To compute the semantic similarity between two terms of the same ontology, classes in the similarity library can be used in this way:

```{r echo=TRUE, eval=TRUE}

#Adding the similarity library containing the similarity class to compute semantic similarities
jarfilePath <- file.path(system.file('extdata', 'java', 'similarity-0.0.1-SNAPSHOT-jar-with-dependencies.jar', package='OnassisJavaLibs'))

.jaddClassPath(jarfilePath)

#Creating an instance of the class Similarity
similarity <- .jnew("iit/comp/epigen/nlp/similarity/Similarity")


#Loading the ontology in a grah structure
file_obo <- file.path(system.file('extdata', 'sample.cs.obo', package='OnassisJavaLibs'))

ontology_graph <- similarity$loadOntology(file_obo)

#Setting the semantic similarity measures 
measure_configuration <- similarity$setPairwiseConfig('resnik', 'seco')

#Terms of the ontologies need to be converted into URIs

term1 <- 'http://purl.obolibrary.org/obo/CL_0000771'
  
term2 <- 'http://purl.obolibrary.org/obo/CL_0000988'

URI1 <- .jcast(similarity$createURI(term1), new.class = "org.openrdf.model.URI", check = FALSE, convert.array = FALSE)

URI2 <- .jcast(similarity$createURI(term2), new.class = "org.openrdf.model.URI", check = FALSE, convert.array = FALSE)

# Computation of the semantic similarity score

similarity_score <- .jcall(similarity, "D", "pair_similarity", URI1, URI2, .jcast(ontology_graph, new.class = "slib.graph.model.graph.G"), measure_configuration)

similarity_score
```

# Acknowledgements 

We would like to thank you the library providers.

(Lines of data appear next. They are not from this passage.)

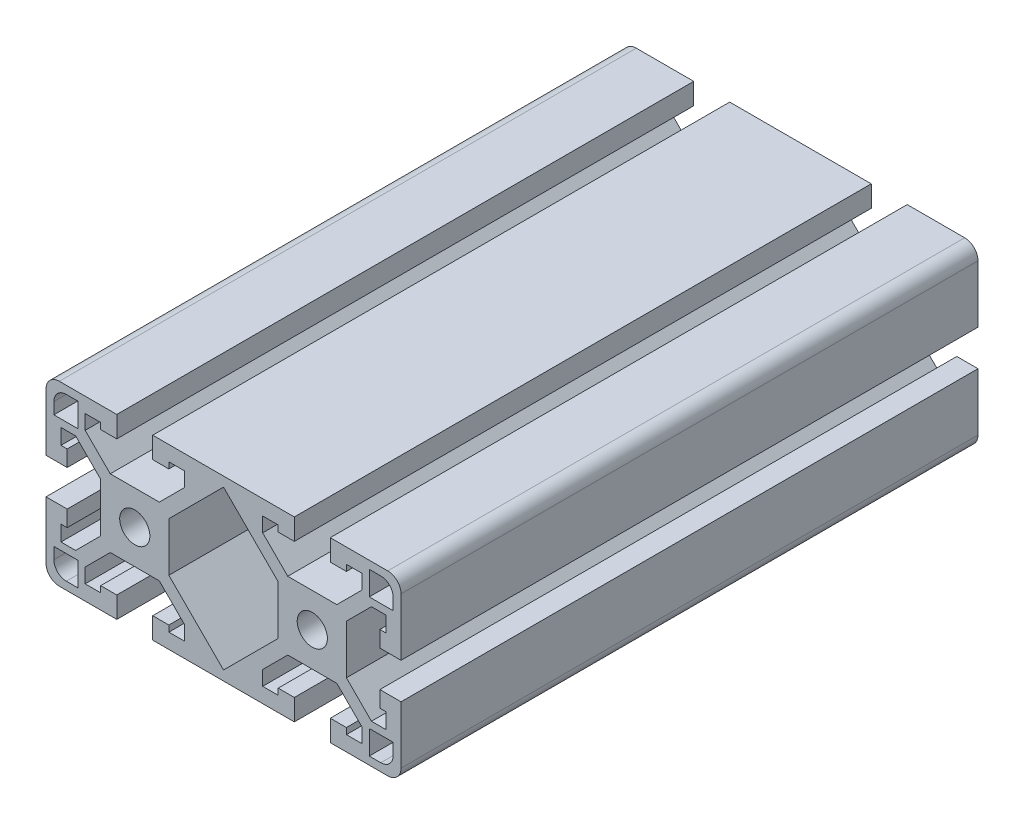
SolidWorks part; units mm, degrees
material "6063-T5"
ref_plane "Front Plane" through (0, 0, 0) normal (0, 0, 1) x (1, 0, 0)
ref_plane "Top Plane" through (0, 0, 0) normal (0, 1, 0) x (1, 0, 0)
ref_plane "Right Plane" through (0, 0, 0) normal (1, 0, 0) x (0, 0, -1)
sketch "Sketch1" plane through (0, 0, 0) normal (0, 1, 0) x (1, 0, 0)
  line L0 (0, 130) -> (0, 0)
  dimension "D1" = 130
other "40 series TS40-80LM-650037(1)"
ref_plane "Plane1" through (0, 0, -130) normal (0, 0, 1) x (0, 1, 0)
sketch "Sketch2" plane through (0, 0, -130) normal (0, 0, 1) x (0, 1, 0)
  line L2 (0, -27.681) -> (-5.5257, -27.681)
  line L3 (-5.5257, -27.681) -> (-11.176, -33.3313)
  line L4 (-7.6835, -36.6218) -> (-11.176, -36.6218)
  line L5 (-20, -37) -> (-20, -24.0488)
  line L6 (-4.0488, -40) -> (-17, -40)
  line L7 (-7.681, -20) -> (-7.681, -25.5257)
  line L8 (-7.681, -25.5257) -> (-13.3313, -31.176)
  line L9 (-16.6218, -31.176) -> (-16.6218, -27.6835)
  line L10 (-7.681, -14.4743) -> (-13.3313, -8.824)
  line L11 (-13.3313, -8.824) -> (-16.6218, -8.824)
  line L12 (-20, -24.0488) -> (-15.2248, -24.0488)
  line L13 (-20, 15.9512) -> (-20, -15.9512)
  line L14 (-5.5257, 12.319) -> (-17.8447, 0)
  line L15 (-5.5257, -12.319) -> (-17.8447, 0)
  line L16 (-7.681, -20) -> (-7.681, -14.4743)
  line L17 (-5.5257, -12.319) -> (0, -12.319)
  line L18 (7.681, -20) -> (7.681, -14.4743)
  line L19 (5.5257, -12.319) -> (17.8447, 0)
  line L20 (20, 15.9512) -> (15.2248, 15.9512)
  line L21 (4.0488, -35.2248) -> (7.6835, -35.2248)
  line L22 (7.681, 14.4743) -> (13.3313, 8.824)
  line L23 (7.6835, -36.6218) -> (7.6835, -35.2248)
  line L24 (4.0488, -35.2248) -> (4.0488, -40)
  line L25 (7.6835, -36.6218) -> (11.176, -36.6218)
  line L26 (11.176, -33.3313) -> (11.176, -36.6218)
  line L27 (7.681, -20) -> (7.681, -25.5257)
  line L28 (4.0488, -40) -> (17, -40)
  line L29 (20, -37) -> (20, -24.0488)
  line L30 (5.5257, -27.681) -> (11.176, -33.3313)
  line L31 (7.681, -25.5257) -> (13.3313, -31.176)
  line L32 (0, -12.319) -> (5.5257, -12.319)
  line L33 (0, -27.681) -> (5.5257, -27.681)
  line L35 (13.3313, 8.824) -> (16.6218, 8.824)
  line L36 (0, 12.319) -> (5.5257, 12.319)
  line L37 (-5.5257, 12.319) -> (0, 12.319)
  line L38 (16.6218, 8.824) -> (16.6218, 12.3165)
  line L39 (15.2248, 15.9512) -> (15.2248, 12.3165)
  line L40 (16.6218, 12.3165) -> (15.2248, 12.3165)
  line L41 (20, 24.0488) -> (15.2248, 24.0488)
  line L42 (0, 27.681) -> (5.5257, 27.681)
  line L43 (-4.0488, 40) -> (-17, 40)
  line L44 (-20, 37) -> (-20, 24.0488)
  line L45 (4.0488, 35.2248) -> (4.0488, 40)
  line L46 (16.6218, 31.176) -> (16.6218, 27.6835)
  line L47 (7.681, 20) -> (7.681, 25.5257)
  line L48 (13.3313, 31.176) -> (16.6218, 31.176)
  line L49 (15.2248, 24.0488) -> (15.2248, 27.6835)
  line L50 (7.681, 20) -> (7.681, 14.4743)
  line L51 (-7.681, 25.5257) -> (-7.681, 14.4743)
  line L52 (16.6218, 27.6835) -> (15.2248, 27.6835)
  line L53 (12.8372, 38.222) -> (12.8372, 32.8372)
  line L54 (20, 37) -> (20, 24.0488)
  line L55 (4.0488, 40) -> (17, 40)
  line L56 (12.8372, 38.222) -> (15.428, 38.222)
  line L57 (18.222, 35.428) -> (18.222, 32.8372)
  line L58 (12.8372, 32.8372) -> (18.222, 32.8372)
  line L59 (0, 27.681) -> (-5.5257, 27.681)
  line L60 (-4.0488, -35.2248) -> (-4.0488, -40)
  line L61 (-16.6218, -8.824) -> (-16.6218, -12.3165)
  line L62 (7.681, -14.4743) -> (13.3313, -8.824)
  line L63 (12.8372, -32.8372) -> (18.222, -32.8372)
  line L64 (20, 15.9512) -> (20, -15.9512)
  line L65 (7.681, 25.5257) -> (13.3313, 31.176)
  line L66 (5.5257, 27.681) -> (11.176, 33.3313)
  line L67 (5.5257, 12.319) -> (17.8447, 0)
  line L68 (-13.3313, -31.176) -> (-16.6218, -31.176)
  line L69 (-11.176, -33.3313) -> (-11.176, -36.6218)
  line L70 (-15.2248, -15.9512) -> (-15.2248, -12.3165)
  line L71 (-12.8372, -38.222) -> (-12.8372, -32.8372)
  line L72 (-12.8372, -38.222) -> (-15.428, -38.222)
  line L73 (-15.2248, -24.0488) -> (-15.2248, -27.6835)
  line L74 (-16.6218, -27.6835) -> (-15.2248, -27.6835)
  line L75 (-18.222, -35.428) -> (-18.222, -32.8372)
  line L76 (-12.8372, -32.8372) -> (-18.222, -32.8372)
  line L77 (-7.6835, -36.6218) -> (-7.6835, -35.2248)
  line L78 (-4.0488, -35.2248) -> (-7.6835, -35.2248)
  line L79 (-20, -15.9512) -> (-15.2248, -15.9512)
  line L80 (-16.6218, -12.3165) -> (-15.2248, -12.3165)
  line L81 (18.222, -35.428) -> (18.222, -32.8372)
  line L82 (12.8372, -38.222) -> (15.428, -38.222)
  line L83 (12.8372, -38.222) -> (12.8372, -32.8372)
  line L84 (16.6218, -12.3165) -> (15.2248, -12.3165)
  line L85 (20, -15.9512) -> (15.2248, -15.9512)
  line L86 (16.6218, -27.6835) -> (15.2248, -27.6835)
  line L87 (15.2248, -24.0488) -> (15.2248, -27.6835)
  line L88 (15.2248, -15.9512) -> (15.2248, -12.3165)
  line L89 (13.3313, -31.176) -> (16.6218, -31.176)
  line L90 (16.6218, -8.824) -> (16.6218, -12.3165)
  line L91 (20, -24.0488) -> (15.2248, -24.0488)
  line L92 (13.3313, -8.824) -> (16.6218, -8.824)
  line L93 (16.6218, -31.176) -> (16.6218, -27.6835)
  line L94 (11.176, 33.3313) -> (11.176, 36.6218)
  line L95 (7.6835, 36.6218) -> (11.176, 36.6218)
  line L96 (7.6835, 36.6218) -> (7.6835, 35.2248)
  line L97 (4.0488, 35.2248) -> (7.6835, 35.2248)
  line L98 (-4.0488, 35.2248) -> (-4.0488, 40)
  line L99 (-4.0488, 35.2248) -> (-7.6835, 35.2248)
  line L100 (-7.6835, 36.6218) -> (-7.6835, 35.2248)
  line L101 (-7.6835, 36.6218) -> (-11.176, 36.6218)
  line L102 (-11.176, 33.3313) -> (-11.176, 36.6218)
  line L103 (-5.5257, 27.681) -> (-11.176, 33.3313)
  line L104 (-18.222, 35.428) -> (-18.222, 32.8372)
  line L105 (-12.8372, 32.8372) -> (-18.222, 32.8372)
  line L106 (-7.681, 25.5257) -> (-13.3313, 31.176)
  line L107 (-13.3313, 31.176) -> (-16.6218, 31.176)
  line L108 (-16.6218, 31.176) -> (-16.6218, 27.6835)
  line L109 (-7.681, 14.4743) -> (-13.3313, 8.824)
  line L110 (-16.6218, 12.3165) -> (-15.2248, 12.3165)
  line L111 (-20, 15.9512) -> (-15.2248, 15.9512)
  line L112 (-15.2248, 15.9512) -> (-15.2248, 12.3165)
  line L113 (-16.6218, 8.824) -> (-16.6218, 12.3165)
  line L114 (-13.3313, 8.824) -> (-16.6218, 8.824)
  line L115 (-16.6218, 27.6835) -> (-15.2248, 27.6835)
  line L116 (-15.2248, 24.0488) -> (-15.2248, 27.6835)
  line L117 (-20, 24.0488) -> (-15.2248, 24.0488)
  line L118 (-12.8372, 38.222) -> (-15.428, 38.222)
  line L119 (-12.8372, 38.222) -> (-12.8372, 32.8372)
  arc A0 (-20, -37) -> (-17, -40) centre (-17, -37) ccw
  arc A1 (-20, 37) -> (-17, 40) centre (-17, 37) cw
  arc A2 (20, 37) -> (17, 40) centre (17, 37) ccw
  arc A3 (-15.428, -38.222) -> (-18.222, -35.428) centre (-15.428, -35.428) cw
  arc A4 (15.428, -38.222) -> (18.222, -35.428) centre (15.428, -35.428) ccw
  arc A5 (15.428, 38.222) -> (18.222, 35.428) centre (15.428, 35.428) cw
  arc A6 (-15.428, 38.222) -> (-18.222, 35.428) centre (-15.428, 35.428) ccw
  arc A7 (20, -37) -> (17, -40) centre (17, -37) cw
  circle A8 centre (0, -20) radius 3.35
  circle A9 centre (0, 20) radius 3.35
  point P1 (-20, 20)
  point P3 (-20, 40)
  point P34 (-20, 0)
  point P51 (20, 0)
  point P76 (0, 40)
  point P77 (20, 40)
  point P143 (20, 20)
  point P144 (20, -20)
  point P145 (-20, -20)
  point P146 (-20, -40)
  point P147 (0, -40)
  point P148 (20, -40)
  point P149 (0, 0)
  dimension "D1" = 6.7
hole_wizard "M8x1.25 Tapped Hole1" positions "Sketch5" profile "Sketch6" tap size "M8x1.25" standard "ANSI Metric"
sketch "Sketch5" plane through (0, 0, 0) normal (0, 0, 1) x (1, 0, 0)
  point P0 (-20, 0)
  point P2 (20, 0)
sketch "Sketch6" plane through (-20, 0, 0) normal (1, 0, 0) x (0, -1, 0)
  line L0 (0, 0) -> (0, 32.0429)
  line L1 (0, 32.0429) -> (3.4, 30)
  line L2 (3.4, 30) -> (3.4, 0)
  line L5 (3.4, 0) -> (0, 0)
  line L10 (0, 32.0429) -> (-3.4, 30) construction
  line L11 (0, -6.35) -> (0, 107.95) construction
  dimension "Tap Drill Dia." = 6.8
  dimension "Tap Drill Depth" = 30
  dimension "Drill Angle" = 118
cosmetic thread "Hole Thread1" parameters "D1"=25, "D2"=8
cosmetic thread "Hole Thread2" parameters "D1"=25, "D2"=8

The methods for the conceptmapper pipeline and defining the ccp-nlp type system, have been developed and published by the Reagents of the University of Colorado under BSD 3-clause license. 

The methods for computing the semantic similarities instead have been developed and published by the the Ecole des mines d'Alès under the GPL-compatible CeCILL license.

Both licenses are provided within the package.